Por força do § 2, n.o 7, desta lei, as aeronaves não registadas e não homologadas no âmbito espacial de aplicação da presente lei só poderão entrar nesse espaço, ou nele serem encaminhadas de qualquer outra forma, para aí voarem, após terem obtido a necessária autorização. Esta autorização não é necessária quando um tratado entre o país de origem e a República Federal da Alemanha ou uma convenção vinculativa para os dois Estados dispuser de outra forma.

15.

O n.o 8 do § 2 indica que a autorização referida nos n.os 6 e 7 pode ser concedida a título geral ou para um caso particular; pode estar condicionada a obrigações ou limitada a um prazo de validade.

16.

Em conformidade com o § 58 da LuftVG, pratica uma infração quem, com dolo ou por negligência, entrar sem a autorização prevista no § 2, n.o 7, por meio de uma aeronave, no âmbito espacial de aplicação da presente lei, ou nele introduzir uma aeronave de qualquer outra forma. Esta infração é punível com uma coima que pode atingir os 10000 euros.

17.

O § 94 do regulamento relativo às licenças de exploração de transportes aéreos (Luftverkehrs‑Zulassungs‑Ordnung), na sua versão publicada em 10 de julho de 2008 (BGB1. 2008 I, p. 1229, a seguir «LuftVZO»), prevê que a autorização de entrada no espaço aéreo da República Federal da Alemanha prevista no § 2, n.o 7, da LuftVG é concedida pelo Bundesministerium für Verkehr, Bau und Stadtentwicklung (Ministério dos Transportes, da Construção e do Desenvolvimento Urbano) ou por outra entidade por este designada.

18.

O § 95, n.o 1, do LuftVZO estabelece que o pedido de autorização deve conter o nome e a morada do proprietário da aeronave, o tipo de aeronave, bem como o seu estado e o número de matrícula; a data e a hora previstas para a chegada, bem como a data provável do voo de regresso ou do voo para outro destino; o aeroporto de partida e o de chegada, bem como, sendo caso disso, os aeroportos de escala no território federal; o número de passageiros, bem como a natureza e a quantidade do frete, o objeto do voo, em particular em caso de transporte de um grupo determinado, bem como a indicação do local onde este grupo se reuniu inicialmente, e, em caso de voo charter, o nome, a morada e a filial do operador. A autoridade que concede a autorização pode exigir outras informações. O Bundesministerium für Verkehr, Bau und Stadtentwicklung, ou qualquer outra entidade por este designada, estabelece os detalhes do procedimento de pedido de autorização sob a forma de disposições administrativas gerais.

19.

Por força do § 95, n.o 2, do LuftVZO, e com ressalva do caso previsto no n.o 3 do mesmo artigo, o pedido de autorização para voos comerciais não regulares (serviços ocasionais) deve ser apresentado junto da autoridade emitente o mais tardar dois dias úteis completos antes da descolagem do voo previsto, e, em caso de uma série de mais de quatro voos, o mais tardar quatro semanas antes da descolagem dos voos previstos.

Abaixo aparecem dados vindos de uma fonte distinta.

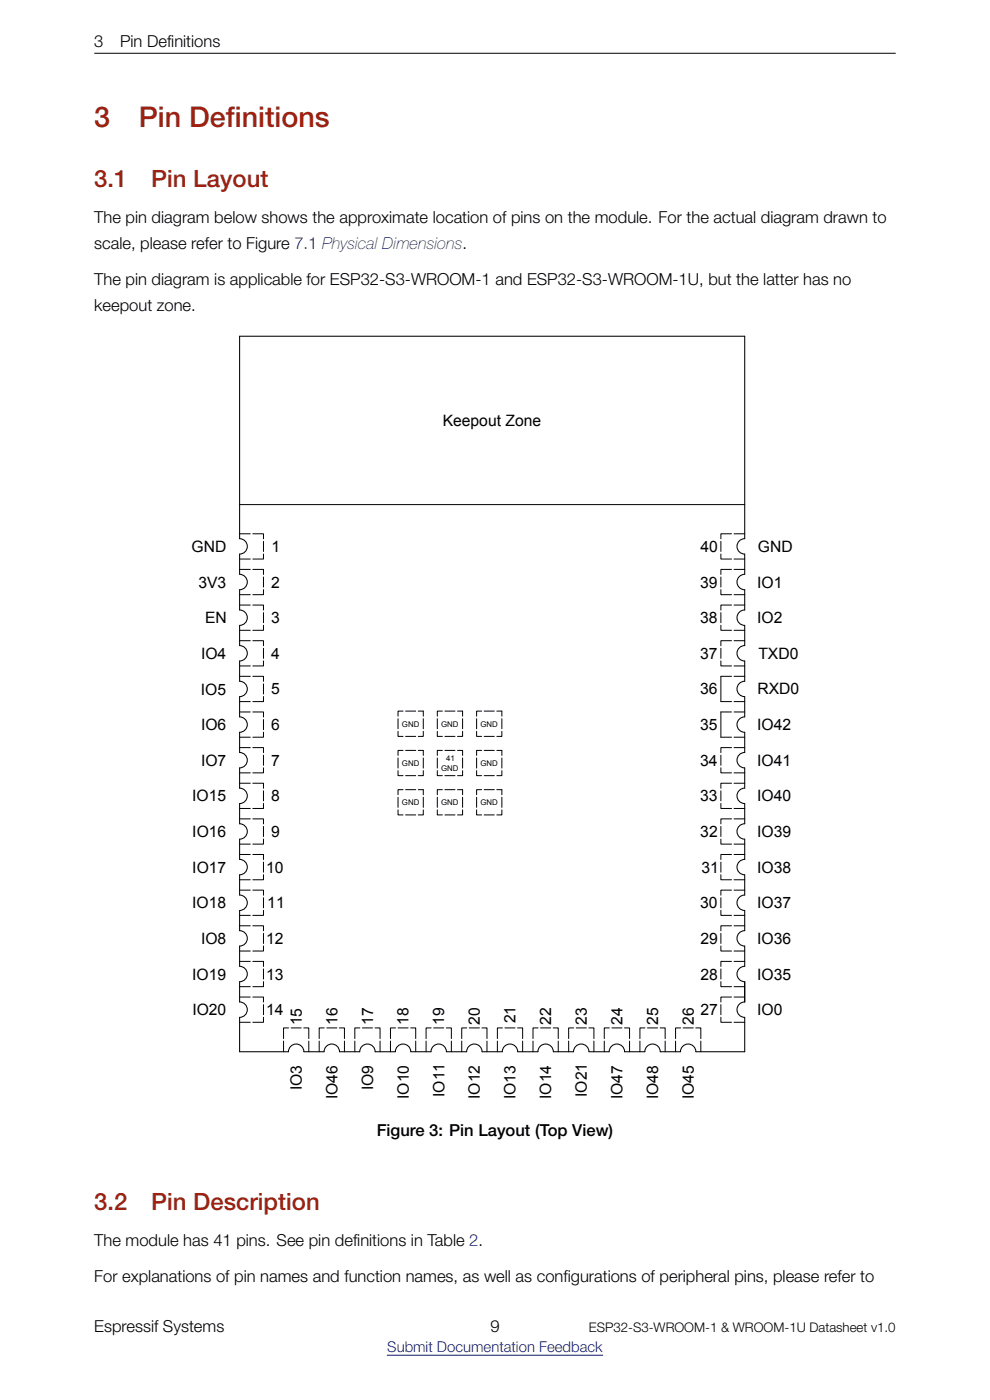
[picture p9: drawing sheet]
<svg xmlns="http://www.w3.org/2000/svg" width="210mm" height="297mm" viewBox="0 0 210 297" stroke-linecap="round" stroke-linejoin="round" font-family="sans-serif">
<path d="M20 11.3h170" fill="none" stroke="#000" stroke-width=".21"/>
<!-- layer: Outline -->
<path d="M50.8 174.8a1.64 1.64 0 0 1 1.7 1.6 1.64 1.64 0 0 1-1.7 1.6v4.3a1.64 1.64 0 0 1 1.7 1.7 1.64 1.64 0 0 1-1.7 1.6v4.3a1.64 1.64 0 0 1 1.7 1.6 1.64 1.64 0 0 1-1.7 1.7v4.2a1.64 1.64 0 0 1 1.7 1.7 1.64 1.64 0 0 1-1.7 1.6v4.3a1.64 1.64 0 0 1 1.7 1.6 1.64 1.64 0 0 1-1.7 1.7v4.3a1.63 1.63 0 0 1 1.7 1.6 1.63 1.63 0 0 1-1.7 1.6v7.3h10.4a1.63 1.63 0 0 1 1.6-1.6 1.63 1.63 0 0 1 1.7 1.6M50.8 174.8v-4.3a1.63 1.63 0 0 0 1.7-1.7 1.63 1.63 0 0 0-1.7-1.6v-4.3a1.64 1.64 0 0 0 1.7-1.6 1.64 1.64 0 0 0-1.7-1.7v-4.2a1.63 1.63 0 0 0 1.7-1.7 1.63 1.63 0 0 0-1.7-1.6v-4.3a1.64 1.64 0 0 0 1.7-1.6 1.64 1.64 0 0 0-1.7-1.7v-4.3a1.64 1.64 0 0 0 1.7-1.6 1.64 1.64 0 0 0-1.7-1.6v-4.3a1.64 1.64 0 0 0 1.7-1.7 1.64 1.64 0 0 0-1.7-1.6v-4.3a1.64 1.64 0 0 0 1.7-1.6 1.64 1.64 0 0 0-1.7-1.7v-4.2a1.64 1.64 0 0 0 1.7-1.7 1.64 1.64 0 0 0-1.7-1.6v-43h107.2v43a1.63 1.63 0 0 0-1.7 1.6 1.63 1.63 0 0 0 1.7 1.6v4.3a1.63 1.63 0 0 0-1.7 1.7 1.63 1.63 0 0 0 1.7 1.6v4.3a1.63 1.63 0 0 0-1.7 1.6 1.63 1.63 0 0 0 1.7 1.7v4.3a1.63 1.63 0 0 0-1.7 1.6 1.63 1.63 0 0 0 1.7 1.6v4.3a1.63 1.63 0 0 0-1.7 1.7 1.63 1.63 0 0 0 1.7 1.6v4.3a1.63 1.63 0 0 0-1.7 1.6 1.63 1.63 0 0 0 1.7 1.7v4.2a1.63 1.63 0 0 0-1.7 1.7 1.63 1.63 0 0 0 1.7 1.6v4.3a1.63 1.63 0 0 0-1.7 1.6 1.63 1.63 0 0 0 1.7 1.7v4.3M158 174.8a1.64 1.64 0 0 0-1.7 1.6 1.64 1.64 0 0 0 1.7 1.6v4.3a1.64 1.64 0 0 0-1.7 1.7 1.64 1.64 0 0 0 1.7 1.6v4.3a1.64 1.64 0 0 0-1.7 1.6 1.64 1.64 0 0 0 1.7 1.7v4.2a1.64 1.64 0 0 0-1.7 1.7 1.64 1.64 0 0 0 1.7 1.6v4.3a1.64 1.64 0 0 0-1.7 1.6 1.64 1.64 0 0 0 1.7 1.7v4.3a1.63 1.63 0 0 0-1.7 1.6 1.63 1.63 0 0 0 1.7 1.6v7.3h-10.4M132.5 223.1a1.63 1.63 0 0 0-1.6-1.6 1.63 1.63 0 0 0-1.7 1.6h-4.3a1.63 1.63 0 0 0-1.6-1.6 1.63 1.63 0 0 0-1.6 1.6h-4.3a1.63 1.63 0 0 0-1.7-1.6 1.63 1.63 0 0 0-1.6 1.6h-4.3a1.63 1.63 0 0 0-1.6-1.6 1.63 1.63 0 0 0-1.7 1.6h-4.2a1.63 1.63 0 0 0-1.7-1.6 1.63 1.63 0 0 0-1.6 1.6h-4.3a1.64 1.64 0 0 0-1.6-1.6 1.64 1.64 0 0 0-1.7 1.6h-4.3a1.64 1.64 0 0 0-1.6-1.6 1.64 1.64 0 0 0-1.6 1.6h-4.3a1.64 1.64 0 0 0-1.7-1.6 1.64 1.64 0 0 0-1.6 1.6h-4.3a1.64 1.64 0 0 0-1.6-1.6 1.64 1.64 0 0 0-1.7 1.6h-4.2M147.6 223.1a1.63 1.63 0 0 0-1.6-1.6 1.63 1.63 0 0 0-1.7 1.6h-4.2a1.63 1.63 0 0 0-1.7-1.6 1.63 1.63 0 0 0-1.6 1.6h-4.3" fill="none" stroke="#000" stroke-width=".22"/>
<path d="M50.8 107h107.2M152.9 143.5v5.3M152.9 151v5.4" fill="none" stroke="#000" stroke-width=".21"/>
<g fill="none" stroke="#000" stroke-width=".21">
<path d="M50.8 118.6h2.3M50.8 113.2h2.3M53.6 113.2h2.3v1.1M55.9 117.5v1.1h-2.3M55.9 114.8v2.2M152.9 117.5v1.1h2.3M152.9 114.8v2.2M155.2 113.2h-2.3v1.1M155.7 118.6h2.3M155.7 113.2h2.3M50.8 135.9h2.3M50.8 133.7h2.3"/>
<path d="M50.8 128.4h2.3M50.8 126.2h2.3M50.8 120.8h2.3M53.6 135.9h2.3v1.1M53.6 128.4h2.3v1M53.6 120.8h2.3v1.1M55.9 132.6v1.1h-2.3M55.9 125.1v1.1h-2.3M55.9 122.4v2.1M55.9 130v2.1M55.9 137.5v2.2M152.9 132.6v1.1h2.3"/>
<path d="M152.9 125.1v1.1h2.3M152.9 122.4v2.1M152.9 130v2.1M152.9 137.5v2.2M155.2 135.9h-2.3v1.1M155.2 128.4h-2.3v1M155.2 120.8h-2.3v1.1M155.7 135.9h2.3M155.7 133.7h2.3M155.7 128.4h2.3M155.7 126.2h2.3M155.7 120.8h2.3"/>
<path d="M50.8 158.6h2.3M50.8 156.4h2.3M50.8 151h2.3M50.8 148.8h2.3M50.8 143.5h2.3M50.8 141.3h2.3M53.6 158.6h2.3v1.1M53.6 151h2.3v1.1M53.6 143.5h2.3v1.1M55.9 155.3v1.1h-2.3M55.9 147.8v1h-2.3M55.9 140.2v1.1h-2.3"/>
<path d="M55.9 145.1v2.1M55.9 152.6v2.2M84.4 155.1v1.1h1.1M84.4 152.5v2.1M85.5 150.9h-1.1v1M85.5 159.2h-1.1v1.1M86 159.2h2.2M86 156.2h2.2M86 150.9h2.2M88.7 159.2h1.1v1.1M88.7 150.9h1.1v1M89.8 155.1v1.1h-1.1"/>
<path d="M89.8 152.5v2.1M92.8 155.1v1.1h1M92.8 152.5v2.1M93.8 159.2h-1v1.1M93.8 150.9h-1v1M94.4 159.2h2.1M94.4 156.2h2.1M94.4 150.9h2.1M97.1 150.9h1v1M97.1 159.2h1v1.1M98.1 155.1v1.1h-1M98.1 152.5v2.1"/>
<path d="M101.1 155.1v1.1h1.1M101.1 152.5v2.1M102.2 159.2h-1.1v1.1M102.2 150.9h-1.1v1M102.7 159.2h2.2M102.7 156.2h2.2M102.7 150.9h2.2M105.4 159.2h1.1v1.1M105.4 150.9h1.1v1M106.5 155.1v1.1h-1.1M106.5 152.5v2.1M152.9 140.2v1.1h2.3"/>
<path d="M152.9 156.4h2.3M152.9 151h2.3M152.9 148.8h2.3M152.9 143.5h2.3M155.2 158.6h-2.3v1.1M155.7 158.6h2.3M155.7 156.4h2.3M155.7 151h2.3M155.7 148.8h2.3M155.7 143.5h2.3M155.7 141.3h2.3M50.8 179.1h2.3"/>
<path d="M50.8 173.7h2.3M50.8 171.5h2.3M50.8 166.2h2.3M50.8 164h2.3M53.6 173.7h2.3v1.1M53.6 166.2h2.3v1M55.9 178v1.1h-2.3M55.9 170.4v1.1h-2.3M55.9 162.9v1.1h-2.3M55.9 160.2v2.2M55.9 167.8v2.1M55.9 175.3v2.2"/>
<path d="M84.4 163.5v1.1h1.1M84.4 171.8v1.1h1.1M84.4 160.8v2.1M84.4 169.1v2.2M85.5 167.5h-1.1v1.1M86 164.6h2.2M86 172.9h2.2M86 167.5h2.2M88.7 167.5h1.1v1.1M89.8 163.5v1.1h-1.1M89.8 171.8v1.1h-1.1M89.8 160.8v2.1"/>
<path d="M89.8 169.1v2.2M92.8 163.5v1.1h1M92.8 171.8v1.1h1M92.8 160.8v2.1M92.8 169.1v2.2M93.8 167.5h-1v1.1M94.4 164.6h2.1M94.4 172.9h2.1M94.4 167.5h2.1M97.1 167.5h1v1.1M98.1 163.5v1.1h-1M98.1 171.8v1.1h-1"/>
<path d="M98.1 160.8v2.1M98.1 169.1v2.2M101.1 163.5v1.1h1.1M101.1 171.8v1.1h1.1M101.1 160.8v2.1M101.1 169.1v2.2M102.2 167.5h-1.1v1.1M102.7 164.6h2.2M102.7 172.9h2.2M102.7 167.5h2.2M105.4 167.5h1.1v1.1M106.5 163.5v1.1h-1.1"/>
<path d="M106.5 171.8v1.1h-1.1M106.5 160.8v2.1M106.5 169.1v2.2M152.9 178v1.1h2.3M152.9 170.4v1.1h2.3M152.9 162.9v1.1h2.3M152.9 160.2v2.2M152.9 167.8v2.1M152.9 175.3v2.2M155.2 173.7h-2.3v1.1M155.2 166.2h-2.3v1M155.7 179.1h2.3"/>
<path d="M155.7 173.7h2.3M155.7 171.5h2.3M155.7 166.2h2.3M155.7 164h2.3M50.8 196.4h2.3M50.8 194.2h2.3M50.8 188.8h2.3M50.8 186.6h2.3M50.8 181.3h2.3M53.6 196.4h2.3v1.1M53.6 188.8h2.3v1.1M53.6 181.3h2.3v1"/>
<path d="M55.9 193.1v1.1h-2.3M55.9 185.6v1h-2.3M55.9 182.9v2.1M55.9 190.4v2.2M55.9 198v2.1M152.9 193.1v1.1h2.3M152.9 185.6v1h2.3M152.9 182.9v2.1M152.9 190.4v2.2M152.9 198v2.1M155.2 196.4h-2.3v1.1M155.2 188.8h-2.3v1.1"/>
<path d="M155.2 181.3h-2.3v1M155.7 196.4h2.3M155.7 194.2h2.3M155.7 188.8h2.3M155.7 186.6h2.3M155.7 181.3h2.3M50.8 216.9h2.3M50.8 211.5h2.3M50.8 209.3h2.3M50.8 204h2.3M50.8 201.8h2.3M53.6 211.5h2.3v1.1"/>
<path d="M53.6 204h2.3v1M55.9 215.8v1.1h-2.3M55.9 208.2v1.1h-2.3M55.9 200.7v1.1h-2.3M55.9 205.6v2.1M55.9 213.1v2.2M61.2 218.1h-1.1v2.2M61.8 218.1h2.1M64.4 218.1h1.1v2.2M68.8 218.1h-1.1v2.2M69.3 218.1h2.2M72 218.1h1.1v2.2"/>
<path d="M76.3 218.1h-1v2.2M76.9 218.1h2.1M79.6 218.1h1v2.2M83.9 218.1h-1.1v2.2M84.4 218.1h2.2M87.1 218.1h1.1v2.2M91.5 218.1h-1.1v2.2M92 218.1h2.1M94.7 218.1h1v2.2M99 218.1h-1.1v2.2M99.6 218.1h2.1M102.2 218.1h1.1v2.2"/>
<path d="M106.6 218.1h-1.1v2.2M107.1 218.1h2.2M109.8 218.1h1.1v2.2M114.1 218.1h-1v2.2M114.7 218.1h2.1M117.3 218.1h1.1v2.2M121.7 218.1h-1.1v2.2M122.2 218.1h2.2M124.9 218.1h1.1v2.2M129.3 218.1h-1.1v2.2M129.8 218.1h2.1M132.5 218.1h1v2.2"/>
<path d="M136.8 218.1h-1.1v2.2M137.3 218.1h2.2M140 218.1h1.1v2.2M144.4 218.1h-1.1v2.2M144.9 218.1h2.2M147.6 218.1h1.1v2.2M152.9 215.8v1.1h2.3M152.9 208.2v1.1h2.3M152.9 200.7v1.1h2.3M152.9 205.6v2.1M152.9 213.1v2.2M155.2 211.5h-2.3v1.1"/>
<path d="M155.2 204h-2.3v1M155.7 216.9h2.3M155.7 211.5h2.3M155.7 209.3h2.3M155.7 204h2.3M155.7 201.8h2.3M60.1 220.9v2.2M65.5 220.9v2.2M67.7 220.9v2.2M73.1 220.9v2.2M75.3 220.9v2.2M80.6 220.9v2.2"/>
<path d="M82.8 220.9v2.2M88.2 220.9v2.2M90.4 220.9v2.2M95.7 220.9v2.2M97.9 220.9v2.2M103.3 220.9v2.2M105.5 220.9v2.2M110.9 220.9v2.2M113.1 220.9v2.2M118.4 220.9v2.2M120.6 220.9v2.2M126 220.9v2.2"/>
<path d="M128.2 220.9v2.2M133.5 220.9v2.2M135.7 220.9v2.2M141.1 220.9v2.2M143.3 220.9v2.2M148.7 220.9v2.2"/>
</g>
<path d="M82.1 287.5h45.8" fill="none" stroke="#1020a0" stroke-width=".21"/>
<g font-size="6.1" fill="#a02010">
<text x="20" y="27">3</text>
<text x="29.4" y="27">Pin Definitions</text>
</g>
<g font-size="5.1" fill="#a02010">
<text x="20" y="39.6">3.1</text>
<text x="32.1" y="39.6">Pin Layout</text>
<text x="20" y="256.7">3.2</text>
<text x="32.1" y="256.7">Pin Description</text>
</g>
<g font-size="3.5">
<text x="20" y="9.9">3</text>
<text x="25.5" y="9.9">Pin Definitions</text>
<text x="20" y="47.4">The pin diagram below shows the approximate location of pins on the module. For the actual diagram drawn to</text>
<text x="20" y="52.9">scale, please refer to Figure 7.1 Physical Dimensions.</text>
<text x="20" y="60.5">The pin diagram is applicable for ESP32-S3-WROOM-1 and ESP32-S3-WROOM-1U, but the latter has no</text>
<text x="20" y="66">keepout zone.</text>
<text x="79.9" y="241">Figure 3: Pin Layout (Top View)</text>
<text x="20" y="264.4">The module has 41 pins. See pin definitions in Table 2.</text>
<text x="20" y="272">For explanations of pin names and function names, as well as configurations of peripheral pins, please refer to</text>
<text x="20" y="282.5">Espressif Systems</text>
<text x="104" y="282.5">9</text>
</g>
<g font-size="3.3">
<text x="93.9" y="90.3">Keepout Zone</text>
<text x="40.6" y="117.2">GND</text>
<text x="57.6" y="117.2">1</text>
<text x="148.6" y="117.1">40</text>
<text x="160.8" y="117.1">GND</text>
<text x="42.1" y="124.6">3V3</text>
<text x="57.5" y="124.7">2</text>
<text x="148.5" y="124.6">39</text>
<text x="160.6" y="124.7">IO1</text>
<text x="43.5" y="132.2">EN</text>
<text x="57.5" y="132.2">3</text>
<text x="148.5" y="132.2">38</text>
<text x="160.6" y="132.2">IO2</text>
<text x="42.7" y="139.8">IO4</text>
<text x="57.6" y="139.8">4</text>
<text x="148.5" y="139.8">37</text>
<text x="160.9" y="139.8">TXD0</text>
<text x="42.6" y="147.4">IO5</text>
<text x="57.5" y="147.3">5</text>
<text x="148.5" y="147.3">36</text>
<text x="160.7" y="147.3">RXD0</text>
<text x="42.6" y="154.9">IO6</text>
<text x="57.5" y="154.9">6</text>
<text x="148.5" y="154.9">35</text>
<text x="160.6" y="154.9">IO42</text>
<text x="42.6" y="162.5">IO7</text>
<text x="57.5" y="162.5">7</text>
<text x="148.5" y="162.5">34</text>
<text x="160.6" y="162.5">IO41</text>
<text x="40.8" y="170">IO15</text>
<text x="57.5" y="170">8</text>
<text x="148.5" y="170">33</text>
<text x="160.6" y="170">IO40</text>
<text x="40.8" y="177.6">IO16</text>
<text x="57.5" y="177.6">9</text>
<text x="148.5" y="177.6">32</text>
<text x="160.6" y="177.6">IO39</text>
<text x="40.8" y="185.1">IO17</text>
<text x="56.5" y="185.1">10</text>
<text x="148.8" y="185.1">31</text>
<text x="160.6" y="185.1">IO38</text>
<text x="40.8" y="192.7">IO18</text>
<text x="56.7" y="192.7">11</text>
<text x="148.5" y="192.7">30</text>
<text x="160.6" y="192.7">IO37</text>
<text x="42.6" y="200.3">IO8</text>
<text x="56.5" y="200.3">12</text>
<text x="148.6" y="200.3">29</text>
<text x="160.6" y="200.3">IO36</text>
<text x="40.8" y="207.8">IO19</text>
<text x="56.5" y="207.8">13</text>
<text x="148.6" y="207.8">28</text>
<text x="160.6" y="207.8">IO35</text>
<text x="40.8" y="215.4">IO20</text>
<text x="56.5" y="215.4">14</text>
<text x="148.6" y="215.4">27</text>
<text x="160.6" y="215.4">IO0</text>
<text x="64" y="217.5" transform="rotate(-90 64 217.5)">15</text>
<text x="71.6" y="217.5" transform="rotate(-90 71.6 217.5)">16</text>
<text x="79.1" y="217.5" transform="rotate(-90 79.1 217.5)">17</text>
<text x="86.7" y="217.5" transform="rotate(-90 86.7 217.5)">18</text>
<text x="94.2" y="217.5" transform="rotate(-90 94.2 217.5)">19</text>
<text x="101.8" y="217.4" transform="rotate(-90 101.8 217.4)">20</text>
<text x="109.4" y="217.1" transform="rotate(-90 109.4 217.1)">21</text>
<text x="116.9" y="217.3" transform="rotate(-90 116.9 217.3)">22</text>
<text x="124.5" y="217.4" transform="rotate(-90 124.5 217.4)">23</text>
<text x="132.1" y="217.4" transform="rotate(-90 132.1 217.4)">24</text>
<text x="139.6" y="217.4" transform="rotate(-90 139.6 217.4)">25</text>
<text x="147.2" y="217.4" transform="rotate(-90 147.2 217.4)">26</text>
<text x="64" y="231.3" transform="rotate(-90 64 231.3)">IO3</text>
<text x="71.6" y="233.2" transform="rotate(-90 71.6 233.2)">IO46</text>
<text x="79.1" y="231.3" transform="rotate(-90 79.1 231.3)">IO9</text>
<text x="86.7" y="233.2" transform="rotate(-90 86.7 233.2)">IO10</text>
<text x="94.3" y="232.7" transform="rotate(-90 94.3 232.7)">IO11</text>
<text x="101.8" y="233.1" transform="rotate(-90 101.8 233.1)">IO12</text>
<text x="109.4" y="233.2" transform="rotate(-90 109.4 233.2)">IO13</text>
<text x="116.9" y="233.2" transform="rotate(-90 116.9 233.2)">IO14</text>
<text x="124.5" y="232.7" transform="rotate(-90 124.5 232.7)">IO21</text>
<text x="132.1" y="233.2" transform="rotate(-90 132.1 233.2)">IO47</text>
<text x="139.6" y="233.2" transform="rotate(-90 139.6 233.2)">IO48</text>
<text x="147.2" y="233.2" transform="rotate(-90 147.2 233.2)">IO45</text>
</g>
<text font-size="3.2" fill="#1020a0" x="82.2" y="286.8">Submit Documentation Feedback</text>
<text font-size="2.8" x="124.9" y="282.5">ESP32-S3-WROOM-1 &amp; WROOM-1U Datasheet v1.0</text>
<g font-size="1.7">
<text x="85.3" y="154.1">GND</text>
<text x="93.6" y="154.1">GND</text>
<text x="101.9" y="154.1">GND</text>
<text x="94.7" y="161.5">41</text>
<text x="85.3" y="162.5">GND</text>
<text x="93.6" y="163.5">GND</text>
<text x="101.9" y="162.5">GND</text>
<text x="85.3" y="170.8">GND</text>
<text x="93.6" y="170.8">GND</text>
<text x="101.9" y="170.8">GND</text>
</g>
</svg>

II — Factos no processo principal

20.

A International Jet Management GmbH ( 4 ) é uma transportadora aérea com sede em Viena‑Schwechat (República da Áustria). Opera em voos privados não regulares provenientes de países terceiros, no caso vertente a Rússia e a Turquia, com destino aos Estados‑Membros da União Europeia.

21.

Esta sociedade é titular de uma licença de exploração emitida pelo Ministério dos Transportes austríaco em conformidade com o Regulamento n.o 1008/2008. Além disso, possui um certificado de operador aéreo, nos termos do artigo 6.o deste regulamento, emitido a seu favor pela Austro Control GmbH, uma sociedade que exerce atividades de serviço público, cujas quotas são detidas pela República da Áustria.

22.

Por decisão de 24 de maio de 2011, o Amtsgericht Braunschweig condenou a International Jet Management a uma coima de 500 euros, por violação por negligência, a quatro coimas de 1890 euros, por violação dolosa, e a seis coimas de 600 euros novamente por violação dolosa. Com efeito, aquele tribunal entendeu que, no período entre 9 de dezembro de 2008 e 15 de março de 2009, a International Jet Management realizou voos provenientes de Moscovo (Rússia) e de Ancara (Turquia) com destino à Alemanha sem dispor da autorização de entrada no espaço aéreo alemão, prevista no § 2, n.o 7, da LuftVG, conjugado com os §§ 94 e seguintes do LuftVZO.

23.

Em três casos, o Luftfahrtbundesamt (Instituto federal da navegação aérea) recusou à International Jet Management autorização de entrada no espaço aéreo alemão devido à falta da declaração de indisponibilidade. Esta declaração faz prova de que a transportadora aérea comunitária, com estabelecimento no território de outro Estado‑Membro, se informou previamente junto das transportadoras aéreas alemãs a fim de se assegurar de que nenhuma delas estava disposta a realizar os voos em causa em condições comparáveis. Nos restantes casos, o Luftfahrtbundesamt ainda não tinha decidido sobre o pedido de autorização quando os voos controvertidos foram realizados.

24.

A International Jet Management interpôs recurso da decisão de 24 de maio de 2011 para a 1.a Secção Criminal do Oberlandesgericht Braunschweig, pedindo a revogação daquela decisão e a sua absolvição. Como fundamento do seu recurso, alega, em primeiro lugar, que as condições da aplicação da coima são incompatíveis com o direito da União e que o Regulamento n.o 1008/2008 já lhe confere o direito à entrada no espaço aéreo europeu sem necessidade de uma autorização. Entende, em seguida, que o princípio da não discriminação constante do artigo 18.o TFUE proíbe a aplicação das referidas coimas. Por fim, defende que a norma nacional alemã é incompatível com o artigo 56.o TFUE, que defende a livre prestação de serviços no interior da União.

25.

O órgão jurisdicional de reenvio tem dúvidas quanto à interpretação do direito da União e decidiu suspender a instância e submeter ao Tribunal de Justiça diversas questões prejudiciais.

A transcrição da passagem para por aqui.